Is it possible to find out which of the three flags solves the instability issue? For example, does adding "--useSpinWait" without the other two give stable result?
@nvpohanh only --useCudaGraph can get better results. As with the other issues I mentioned earlier, how do I solve this problem under Runtime.
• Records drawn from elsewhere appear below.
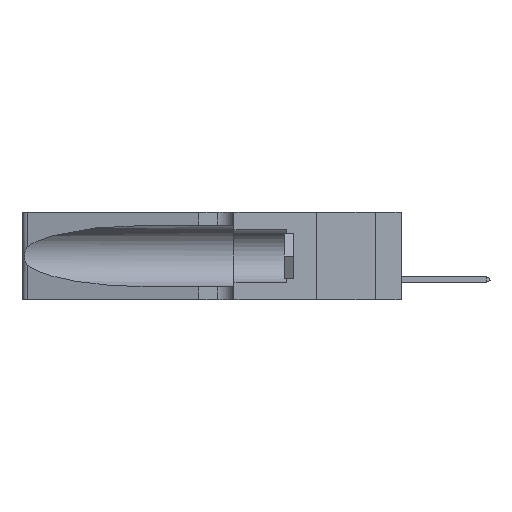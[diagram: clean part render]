
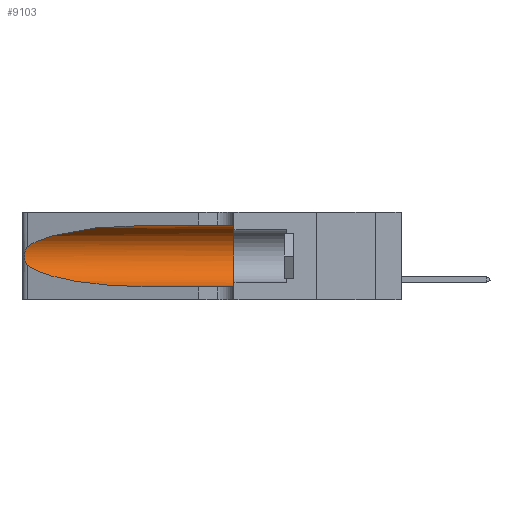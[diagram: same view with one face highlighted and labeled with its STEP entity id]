
A CAD part, left-side view. The second image highlights one B-rep face of the part: STEP entity #9103.
In plain terms, the highlighted cylindrical face has radius 3.308 mm (diameter 6.617 mm), a partial arc.
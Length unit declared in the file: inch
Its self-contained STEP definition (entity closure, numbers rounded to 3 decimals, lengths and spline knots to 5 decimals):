
#329 = CARTESIAN_POINT ( 'NONE',  ( 0.25789, 1.23486, 0.15765 ) ) ;
#547 = CARTESIAN_POINT ( 'NONE',  ( 0.25787, 1.23484, 0.2124 ) ) ;
#838 = LINE ( 'NONE', #32517, #12274 ) ;
#1820 = CARTESIAN_POINT ( 'NONE',  ( 0.26017, 1.23833, 0.17102 ) ) ;
#1883 = ORIENTED_EDGE ( 'NONE', *, *, #15156, .F. ) ;
#1954 = CARTESIAN_POINT ( 'NONE',  ( 0.25487, 1.22718, 0.22369 ) ) ;
#1980 =( BOUNDED_CURVE ( )  B_SPLINE_CURVE ( 3, ( #19099, #31404, #2954, #1954 ),
 .UNSPECIFIED., .F., .T. ) 
 B_SPLINE_CURVE_WITH_KNOTS ( ( 4, 4 ),
 ( 1.5708, 2.84003 ),
 .UNSPECIFIED. ) 
 CURVE ( )  GEOMETRIC_REPRESENTATION_ITEM ( )  RATIONAL_B_SPLINE_CURVE ( ( 1., 0.87, 0.87, 1. ) ) 
 REPRESENTATION_ITEM ( '' )  );
#2149 = CARTESIAN_POINT ( 'NONE',  ( 0.1305, 0.72297, 0.31525 ) ) ;
#2413 = CARTESIAN_POINT ( 'NONE',  ( 0.1305, 0.72297, 0.05475 ) ) ;
#2511 = LINE ( 'NONE', #5457, #34540 ) ;
#2954 = CARTESIAN_POINT ( 'NONE',  ( 0.2373, 1.15595, 0.28018 ) ) ;
#3993 = CIRCLE ( 'NONE', #17398, 0.13025 ) ;
#5457 = CARTESIAN_POINT ( 'NONE',  ( 0.1305, 1.61858, 0.05475 ) ) ;
#5863 = CARTESIAN_POINT ( 'NONE',  ( 0.1305, 0.35, 0.31525 ) ) ;
#5995 = CARTESIAN_POINT ( 'NONE',  ( 0.25555, 1.22993, 0.14849 ) ) ;
#6571 = DIRECTION ( 'NONE',  ( 0., 0., -1. ) ) ;
#8563 = AXIS2_PLACEMENT_3D ( 'NONE', #18157, #21090, #6571 ) ;
#8781 = ORIENTED_EDGE ( 'NONE', *, *, #15241, .T. ) ;
#9037 = CYLINDRICAL_SURFACE ( 'NONE', #8563, 0.13025 ) ;
#9103 = ADVANCED_FACE ( 'NONE', ( #18342 ), #9037, .F. ) ;
#9157 = EDGE_CURVE ( 'NONE', #26499, #32453, #2511, .T. ) ;
#12274 = VECTOR ( 'NONE', #21624, 39.37008 ) ;
#12696 = VERTEX_POINT ( 'NONE', #2149 ) ;
#12885 = ORIENTED_EDGE ( 'NONE', *, *, #9157, .T. ) ;
#13105 = CARTESIAN_POINT ( 'NONE',  ( 0.25487, 1.22718, 0.14631 ) ) ;
#14252 = CARTESIAN_POINT ( 'NONE',  ( 0.25639, 1.23186, 0.15144 ) ) ;
#15156 = EDGE_CURVE ( 'NONE', #26691, #32453, #3993, .T. ) ;
#15241 = EDGE_CURVE ( 'NONE', #12696, #23035, #1980, .T. ) ;
#16964 = ORIENTED_EDGE ( 'NONE', *, *, #32630, .T. ) ;
#17141 = CARTESIAN_POINT ( 'NONE',  ( 0.26018, 1.23835, 0.19895 ) ) ;
#17398 = AXIS2_PLACEMENT_3D ( 'NONE', #31395, #23075, #20773 ) ;
#18157 = CARTESIAN_POINT ( 'NONE',  ( 0.1305, 1.61858, 0.185 ) ) ;
#18342 = FACE_OUTER_BOUND ( 'NONE', #22018, .T. ) ;
#18548 = CARTESIAN_POINT ( 'NONE',  ( 0.26075, 1.23896, 0.19203 ) ) ;
#19099 = CARTESIAN_POINT ( 'NONE',  ( 0.1305, 0.72297, 0.31525 ) ) ;
#19429 = CARTESIAN_POINT ( 'NONE',  ( 0.25487, 1.22718, 0.22369 ) ) ;
#19583 = ORIENTED_EDGE ( 'NONE', *, *, #24249, .T. ) ;
#20773 = DIRECTION ( 'NONE',  ( 0., 0., 1. ) ) ;
#21090 = DIRECTION ( 'NONE',  ( 0., -1., 0. ) ) ;
#21624 = DIRECTION ( 'NONE',  ( 0., -1., 0. ) ) ;
#21717 = CARTESIAN_POINT ( 'NONE',  ( 0.2373, 1.15595, 0.08982 ) ) ;
#22018 = EDGE_LOOP ( 'NONE', ( #8781, #19583, #16964, #12885, #1883, #35699 ) ) ;
#23035 = VERTEX_POINT ( 'NONE', #35657 ) ;
#23075 = DIRECTION ( 'NONE',  ( 0., 1., 0. ) ) ;
#24249 = EDGE_CURVE ( 'NONE', #23035, #28368, #29173, .T. ) ;
#24943 =( BOUNDED_CURVE ( )  B_SPLINE_CURVE ( 3, ( #13105, #21717, #33321, #2413 ),
 .UNSPECIFIED., .F., .T. ) 
 B_SPLINE_CURVE_WITH_KNOTS ( ( 4, 4 ),
 ( 3.44316, 4.71239 ),
 .UNSPECIFIED. ) 
 CURVE ( )  GEOMETRIC_REPRESENTATION_ITEM ( )  RATIONAL_B_SPLINE_CURVE ( ( 1., 0.87, 0.87, 1. ) ) 
 REPRESENTATION_ITEM ( '' )  );
#25149 = DIRECTION ( 'NONE',  ( 0., -1., 0. ) ) ;
#25407 = CARTESIAN_POINT ( 'NONE',  ( 0.25639, 1.23184, 0.21858 ) ) ;
#25668 = CARTESIAN_POINT ( 'NONE',  ( 0.25487, 1.22718, 0.14631 ) ) ;
#26499 = VERTEX_POINT ( 'NONE', #29765 ) ;
#26691 = VERTEX_POINT ( 'NONE', #5863 ) ;
#27861 = CARTESIAN_POINT ( 'NONE',  ( 0.25555, 1.22994, 0.2215 ) ) ;
#28221 = EDGE_CURVE ( 'NONE', #12696, #26691, #838, .T. ) ;
#28368 = VERTEX_POINT ( 'NONE', #29787 ) ;
#28912 = CARTESIAN_POINT ( 'NONE',  ( 0.1305, 0.35, 0.05475 ) ) ;
#29173 = B_SPLINE_CURVE_WITH_KNOTS ( 'NONE', 3,
 ( #19429, #27861, #25407, #547, #31129, #17141, #18548, #31218, #1820, #32601, #329, #14252, #5995, #25668 ),
 .UNSPECIFIED., .F., .F.,
 ( 4, 2, 2, 2, 2, 2, 4 ),
 ( 0., 0.00027, 0.00053, 0.00107, 0.0016, 0.00187, 0.00214 ),
 .UNSPECIFIED. ) ;
#29765 = CARTESIAN_POINT ( 'NONE',  ( 0.1305, 0.72297, 0.05475 ) ) ;
#29787 = CARTESIAN_POINT ( 'NONE',  ( 0.25487, 1.22718, 0.14631 ) ) ;
#31129 = CARTESIAN_POINT ( 'NONE',  ( 0.25854, 1.2359, 0.20912 ) ) ;
#31218 = CARTESIAN_POINT ( 'NONE',  ( 0.26075, 1.23896, 0.178 ) ) ;
#31395 = CARTESIAN_POINT ( 'NONE',  ( 0.1305, 0.35, 0.185 ) ) ;
#31404 = CARTESIAN_POINT ( 'NONE',  ( 0.18966, 0.96281, 0.31525 ) ) ;
#32453 = VERTEX_POINT ( 'NONE', #28912 ) ;
#32517 = CARTESIAN_POINT ( 'NONE',  ( 0.1305, 1.61858, 0.31525 ) ) ;
#32601 = CARTESIAN_POINT ( 'NONE',  ( 0.25856, 1.23593, 0.16098 ) ) ;
#32630 = EDGE_CURVE ( 'NONE', #28368, #26499, #24943, .T. ) ;
#33321 = CARTESIAN_POINT ( 'NONE',  ( 0.18966, 0.96281, 0.05475 ) ) ;
#34540 = VECTOR ( 'NONE', #25149, 39.37008 ) ;
#35657 = CARTESIAN_POINT ( 'NONE',  ( 0.25487, 1.22718, 0.22369 ) ) ;
#35699 = ORIENTED_EDGE ( 'NONE', *, *, #28221, .F. ) ;

I see. Could you add a dummy enqueueV2() call before capturing the graph? Also, the graph capturing only needs to be done once at the start of the application. Then, you only need to call cudaGraphLaunch(instance, m_stream); and cudaStreamSynchronize(m_stream); for actual inference.
cudaGraph_t graph;
cudaGraphExec_t instance;
m_context->enqueueV2(m_buffers->getDeviceBindings().data(), m_stream, nullptr); // a dummy run before capturing
cudaStreamBeginCapture(m_stream, cudaStreamCaptureModeGlobal);
m_context->enqueueV2(m_buffers->getDeviceBindings().data(), m_stream, nullptr);
cudaStreamEndCapture(m_stream, &graph);
cudaGraphInstantiate(&instance, graph, NULL, NULL, 0);
cudaGraphLaunch(instance, m_stream);
cudaStreamSynchronize(m_stream);
@nvpohanh under 473.47, the inference time is double. under 511.65, inference times still fluctuate wildly.
@nvpohanh If there are any new developments or conclusions, please synchronize them. Thanks.
I have the same problem. When the driver is 511.79, the trt inference time fluctuates too much, when i reduce driver version to 472.12, the inference time is stable. Is there a conclusion now?